_Prompt_: Repeat only the lines below from the one containing "A1 L1 | A1 L0" through the one containing "A5 L4 A6 L5", inclusive, exactly as written.

[Opening Extracted material section]

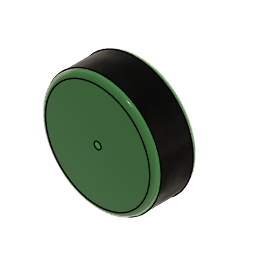
Roues v23 (Autodesk Fusion 360 design; units mm, degrees)
Autodesk Fusion 360 part; units mm, degrees
sketch "Esquisse1" plane through (0, 0, 0) normal (0, 1, 0) x (1, 0, 0)
  circle A0 centre (0, 0) radius 20
  circle A1 centre (0, 0) radius 3.1
  line L0 (-2.1, -2.2804) -> (-2.1, 2.2804)
  line L1 (2.1, -2.2804) -> (2.1, 2.2804)
  line L2 (0, 0) -> (0, -3.1) construction
  line L3 (0, 0) -> (0, 3.1) construction
  dimension "d1" = 40
  dimension "d4" = 6.2
  dimension "d5" = 4.2
  constraint coincident A0.centre A1.centre
  constraint concentric A0 A1
  constraint coincident A1 L0.start
  constraint coincident A1 L0.end
  constraint vertical L0
  constraint coincident A1 L1.start
  constraint coincident A1 L1.end
  constraint parallel L0 L1
  constraint coincident A1 L2.end
  constraint parallel L1 L2
  constraint coincident A1 L3.end
  constraint parallel L2 L3
  constraint symmetric L0 L1 L2
  measures "d1" diameter of A0
  measures "d4" diameter of A1
  measures "d5" distance of L0 L1
extrude "Extrusion1" add sketch "Esquisse1" along normal blind 7 contours A0 | A1 L1 | A1 L0
sketch "Esquisse2" plane through (0, 0, 0) normal (0, -1, 0) x (1, 0, 0)
  arc A0 (2.1, 2.2804) -> (-2.1, 2.2804) centre (0, 0) ccw
  line L0 (2.1, 2.2804) -> (2.1, -2.2804)
  arc A1 (-2.1, -2.2804) -> (2.1, -2.2804) centre (0, 0) ccw
  line L1 (-2.1, -2.2804) -> (-2.1, 2.2804)
  circle A2 centre (0, 0) radius 20
  constraint coincident A0.centre A1.centre
extrude "Extrusion2" add sketch "Esquisse2" against normal blind 4 contours A0 L0 A1 L1
hole "Perçage1" at (0, 0, 0) direction (0, 1, 0) diameter 2.4 depth 23 tip angle 118
sketch "Esquisse3" plane through (0, 7, 0) normal (0, 1, 0) x (-1, 0, 0)
  arc A0 (2.1, 2.2804) -> (-2.1, 2.2804) centre (0, 0) ccw
  line L0 (2.1, 2.2804) -> (2.1, -2.2804)
  arc A1 (-2.1, -2.2804) -> (2.1, -2.2804) centre (0, 0) ccw
  line L1 (-2.1, -2.2804) -> (-2.1, 2.2804)
  circle A2 centre (0, 0) radius 20
  arc A3 (2.1, 2.2804) -> (-2.1, 2.2804) centre (0, 0) ccw
  line L2 (-2.1, 2.2804) -> (-2.1, -2.2804)
  arc A4 (-2.1, -2.2804) -> (2.1, -2.2804) centre (0, 0) ccw
  line L3 (2.1, -2.2804) -> (2.1, 2.2804)
  arc A5 (-3.1, -2.6833) -> (3.1, -2.6833) centre (0, 0) ccw
  line L4 (3.1, 2.6833) -> (3.1, -2.6833)
  arc A6 (3.1, 2.6833) -> (-3.1, 2.6833) centre (0, 0) ccw
  line L5 (-3.1, -2.6833) -> (-3.1, 2.6833)
  circle A7 centre (0, 0) radius 1.2
  dimension "d11" = -1
extrude "Extrusion3" add sketch "Esquisse3" along normal blind 6 contours A5 L4 A6 L5
fillet "Congé1" radius 2 4 edges at (3.1, 10, 2.6833) (3.1, 10, -2.6833) (-3.1, 10, 2.6833) (-3.1, 10, -2.6833)
fillet "Congé2" radius 6 8 edges at (3.1, 7, 0) (2.8457, 7, 2.7648) (0, 7, 4.1) (-2.8457, 7, 2.7648) (-3.1, 7, 0) (-2.8457, 7, -2.7648) (0, 7, -4.1) (2.8457, 7, -2.7648)
sketch "Esquisse4" plane through (0, 7, 0) normal (0, 1, 0) x (-1, 0, 0)
  circle A0 centre (0, 0) radius 20
  line L0 (-9.1, -1.7889) -> (-9.1, 1.7889)
  arc A1 (-5.2905, 8.6035) -> (-9.1, 1.7889) centre (-1.1, 1.7889) ccw
  arc A2 (5.2905, 8.6035) -> (-5.2905, 8.6035) centre (0, 0) ccw
  arc A3 (9.1, 1.7889) -> (5.2905, 8.6035) centre (1.1, 1.7889) ccw
  line L1 (9.1, 1.7889) -> (9.1, -1.7889)
  arc A4 (5.2905, -8.6035) -> (9.1, -1.7889) centre (1.1, -1.7889) ccw
  arc A5 (-5.2905, -8.6035) -> (5.2905, -8.6035) centre (0, 0) ccw
  arc A6 (-9.1, -1.7889) -> (-5.2905, -8.6035) centre (-1.1, -1.7889) ccw
  circle A7 centre (0, 0) radius 20
  circle A8 centre (0, 0) radius 10.25
  line L2 (0, 0) -> (0, 20) construction
  line L3 (0, 10.25) -> (0, 20) construction
  circle A9 centre (0, 0) radius 18
  line L4 (2.5, 12) -> (2.5, 16)
  arc A10 (2.5, 16) -> (-2.5, 16) centre (0, 16) ccw
  line L5 (-2.5, 16) -> (-2.5, 12)
  arc A11 (-2.5, 12) -> (2.5, 12) centre (0, 12) ccw
  line L6 (0, 12) -> (0, 16) construction
  arc A12 (-1.5, 12) -> (1.5, 12) centre (0, 12) ccw
  line L7 (1.5, 12) -> (1.5, 16)
  arc A13 (1.5, 16) -> (-1.5, 16) centre (0, 16) ccw
  line L8 (-1.5, 16) -> (-1.5, 12)
  line L9 (-15.9894, 2.5666) -> (-12.1852, 1.3306)
  line L10 (-15.6804, 3.5177) -> (-11.8762, 2.2816)
  arc A14 (-14.7534, 6.3709) -> (-15.6804, 3.5177) centre (-15.2169, 4.9443) ccw
  arc A15 (-14.4444, 7.3219) -> (-15.9894, 2.5666) centre (-15.2169, 4.9443) ccw
  line L11 (-10.6401, 6.0858) -> (-14.4444, 7.3219)
  line L12 (-10.9492, 5.1348) -> (-14.7534, 6.3709)
  arc A16 (-11.8762, 2.2816) -> (-10.9492, 5.1348) centre (-11.4127, 3.7082) ccw
  arc A17 (-12.1852, 1.3306) -> (-10.6401, 6.0858) centre (-11.4127, 3.7082) ccw
  line L13 (-7.382, -14.4137) -> (-5.0309, -11.1777)
  line L14 (-8.191, -13.8259) -> (-5.8399, -10.5899)
  arc A18 (-10.6181, -12.0626) -> (-8.191, -13.8259) centre (-9.4046, -12.9443) ccw
  arc A19 (-11.4271, -11.4748) -> (-7.382, -14.4137) centre (-9.4046, -12.9443) ccw
  line L15 (-9.076, -8.2387) -> (-11.4271, -11.4748)
  line L16 (-8.2669, -8.8265) -> (-10.6181, -12.0626)
  arc A20 (-5.8399, -10.5899) -> (-8.2669, -8.8265) centre (-7.0534, -9.7082) ccw
  arc A21 (-5.0309, -11.1777) -> (-9.076, -8.2387) centre (-7.0534, -9.7082) ccw
  line L17 (11.4271, -11.4748) -> (9.076, -8.2387)
  line L18 (10.6181, -12.0626) -> (8.2669, -8.8265)
  arc A22 (8.191, -13.8259) -> (10.6181, -12.0626) centre (9.4046, -12.9443) ccw
  arc A23 (7.382, -14.4137) -> (11.4271, -11.4748) centre (9.4046, -12.9443) ccw
  line L19 (5.0309, -11.1777) -> (7.382, -14.4137)
  line L20 (5.8399, -10.5899) -> (8.191, -13.8259)
  arc A24 (8.2669, -8.8265) -> (5.8399, -10.5899) centre (7.0534, -9.7082) ccw
  arc A25 (9.076, -8.2387) -> (5.0309, -11.1777) centre (7.0534, -9.7082) ccw
  line L21 (14.4444, 7.3219) -> (10.6401, 6.0858)
  line L22 (14.7534, 6.3709) -> (10.9492, 5.1348)
  arc A26 (15.6804, 3.5177) -> (14.7534, 6.3709) centre (15.2169, 4.9443) ccw
  arc A27 (15.9894, 2.5666) -> (14.4444, 7.3219) centre (15.2169, 4.9443) ccw
  line L23 (12.1852, 1.3306) -> (15.9894, 2.5666)
  line L24 (11.8762, 2.2816) -> (15.6804, 3.5177)
  arc A28 (10.9492, 5.1348) -> (11.8762, 2.2816) centre (11.4127, 3.7082) ccw
  arc A29 (10.6401, 6.0858) -> (12.1852, 1.3306) centre (11.4127, 3.7082) ccw
  dimension "d18" = 20.5
  dimension "d19" = -2
  dimension "d20" = 16
  dimension "d21" = 12
  dimension "d22" = 5
  dimension "d23" = -1
  dimension "d25" = 360
  constraint concentric A7 A8
  constraint coincident A0.centre A2.centre
  constraint coincident A7 L2.end
  constraint vertical L2
  constraint coincident A8 L3.start
  constraint coincident L2 L3.start
  constraint tangent L4 A10
  constraint tangent A10 L5
  constraint parallel L4 L5
  constraint tangent L5 A11
  constraint tangent L4 A11
  constraint coincident L2 A10.centre
  constraint parallel L2 L6
  measures "d18" diameter of A8
  measures "d20" distance of A0.centre A10.centre
  measures "d21" distance of A0.centre A11.centre
  measures "d22" distance of L4 L5
extrude "Extrusion5" add 1 faces at (13.6578, 0, 1.0235) along direction (0, -1, 0) blind 3
extrude "Extrusion6" add 1 faces at (13.6578, -3, 1.0235) along direction (0, -1, 0) blind 5
extrude "Extrusion7" cut 1 faces at (-1.7989, 4, 0.0299) along direction (0, -1, 0) blind 10
fillet "Congé4" radius 2 2 edges at (-18.6465, -8, -7.2323) (-18.6465, 7, 7.2323)

[Closing Extracted material section]

_Answer_:
extrude "Extrusion1" add sketch "Esquisse1" along normal blind 7 contours A0 | A1 L1 | A1 L0
sketch "Esquisse2" plane through (0, 0, 0) normal (0, -1, 0) x (1, 0, 0)
  arc A0 (2.1, 2.2804) -> (-2.1, 2.2804) centre (0, 0) ccw
  line L0 (2.1, 2.2804) -> (2.1, -2.2804)
  arc A1 (-2.1, -2.2804) -> (2.1, -2.2804) centre (0, 0) ccw
  line L1 (-2.1, -2.2804) -> (-2.1, 2.2804)
  circle A2 centre (0, 0) radius 20
  constraint coincident A0.centre A1.centre
extrude "Extrusion2" add sketch "Esquisse2" against normal blind 4 contours A0 L0 A1 L1
hole "Perçage1" at (0, 0, 0) direction (0, 1, 0) diameter 2.4 depth 23 tip angle 118
sketch "Esquisse3" plane through (0, 7, 0) normal (0, 1, 0) x (-1, 0, 0)
  arc A0 (2.1, 2.2804) -> (-2.1, 2.2804) centre (0, 0) ccw
  line L0 (2.1, 2.2804) -> (2.1, -2.2804)
  arc A1 (-2.1, -2.2804) -> (2.1, -2.2804) centre (0, 0) ccw
  line L1 (-2.1, -2.2804) -> (-2.1, 2.2804)
  circle A2 centre (0, 0) radius 20
  arc A3 (2.1, 2.2804) -> (-2.1, 2.2804) centre (0, 0) ccw
  line L2 (-2.1, 2.2804) -> (-2.1, -2.2804)
  arc A4 (-2.1, -2.2804) -> (2.1, -2.2804) centre (0, 0) ccw
  line L3 (2.1, -2.2804) -> (2.1, 2.2804)
  arc A5 (-3.1, -2.6833) -> (3.1, -2.6833) centre (0, 0) ccw
  line L4 (3.1, 2.6833) -> (3.1, -2.6833)
  arc A6 (3.1, 2.6833) -> (-3.1, 2.6833) centre (0, 0) ccw
  line L5 (-3.1, -2.6833) -> (-3.1, 2.6833)
  circle A7 centre (0, 0) radius 1.2
  dimension "d11" = -1
extrude "Extrusion3" add sketch "Esquisse3" along normal blind 6 contours A5 L4 A6 L5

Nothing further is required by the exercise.